» **Dataset records**
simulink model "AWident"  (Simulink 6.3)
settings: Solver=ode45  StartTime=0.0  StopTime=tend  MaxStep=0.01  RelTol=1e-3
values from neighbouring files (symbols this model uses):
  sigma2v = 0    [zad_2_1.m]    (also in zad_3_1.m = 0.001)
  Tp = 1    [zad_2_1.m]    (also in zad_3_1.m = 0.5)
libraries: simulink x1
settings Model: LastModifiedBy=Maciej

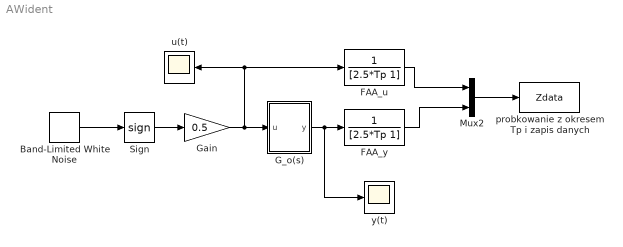
== system AWident ==
  Band-Limited White Noise : simulink/Sources/Band-Limited White Noise  Cov=[0.5]*Tp  Ts=Tp  seed=[23341]
  FAA_u : TransferFcn  Denominator=[2.5*Tp 1]
  FAA_y : TransferFcn  Denominator=[2.5*Tp 1]
  G_o(s) : Subsystem
  Gain : Gain  Gain=0.5
  Mux2 : Mux  Inputs=2
  Sign : Signum  ZeroCross=off
  probkowanie z okresem Tp i zapis danych : ToWorkspace  VariableName=Zdata  SampleTime=Tp  SaveFormat=Array
  u(t) : Scope
  y(t) : Scope
  wires:
  Band-Limited White Noise/1 -> Sign/1
  Sign/1 -> Gain/1
  Gain/1 -> G_o(s)/1(u), FAA_u/1, u(t)/1
  G_o(s)/1(y) -> FAA_y/1, y(t)/1
  FAA_u/1 -> Mux2/1
  FAA_y/1 -> Mux2/2
  Mux2/1 -> probkowanie z okresem Tp i zapis danych/1

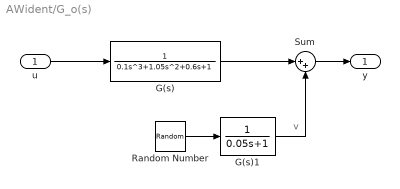
== system AWident/G_o(s) ==
  note: v
  u : Inport
  G(s) : TransferFcn  Denominator=[0.1 1.05 0.6 1]
  G(s)1 : TransferFcn  Denominator=[0.05 1]
  Random Number : RandomNumber  Variance=sigma2v  Seed=159  SampleTime=Tp*0.1
  Sum : Sum  Inputs=|++
  y : Outport
  wires:
  G(s)/1 -> Sum/1
  u/1 -> G(s)/1
  Sum/1 -> y/1
  G(s)1/1 -> Sum/2
  Random Number/1 -> G(s)1/1

» **Task prompt**
The required answer is the material repeated exactly, with no images in it.

» **Answer for the task**
simulink model "AWident"  (Simulink 6.3)
settings: Solver=ode45  StartTime=0.0  StopTime=tend  MaxStep=0.01  RelTol=1e-3
values from neighbouring files (symbols this model uses):
  sigma2v = 0    [zad_2_1.m]    (also in zad_3_1.m = 0.001)
  Tp = 1    [zad_2_1.m]    (also in zad_3_1.m = 0.5)
libraries: simulink x1
settings Model: LastModifiedBy=Maciej

== system AWident ==
  Band-Limited White Noise : simulink/Sources/Band-Limited White Noise  Cov=[0.5]*Tp  Ts=Tp  seed=[23341]
  FAA_u : TransferFcn  Denominator=[2.5*Tp 1]
  FAA_y : TransferFcn  Denominator=[2.5*Tp 1]
  G_o(s) : Subsystem
  Gain : Gain  Gain=0.5
  Mux2 : Mux  Inputs=2
  Sign : Signum  ZeroCross=off
  probkowanie z okresem Tp i zapis danych : ToWorkspace  VariableName=Zdata  SampleTime=Tp  SaveFormat=Array
  u(t) : Scope
  y(t) : Scope
  wires:
  Band-Limited White Noise/1 -> Sign/1
  Sign/1 -> Gain/1
  Gain/1 -> G_o(s)/1(u), FAA_u/1, u(t)/1
  G_o(s)/1(y) -> FAA_y/1, y(t)/1
  FAA_u/1 -> Mux2/1
  FAA_y/1 -> Mux2/2
  Mux2/1 -> probkowanie z okresem Tp i zapis danych/1

== system AWident/G_o(s) ==
  note: v
  u : Inport
  G(s) : TransferFcn  Denominator=[0.1 1.05 0.6 1]
  G(s)1 : TransferFcn  Denominator=[0.05 1]
  Random Number : RandomNumber  Variance=sigma2v  Seed=159  SampleTime=Tp*0.1
  Sum : Sum  Inputs=|++
  y : Outport
  wires:
  G(s)/1 -> Sum/1
  u/1 -> G(s)/1
  Sum/1 -> y/1
  G(s)1/1 -> Sum/2
  Random Number/1 -> G(s)1/1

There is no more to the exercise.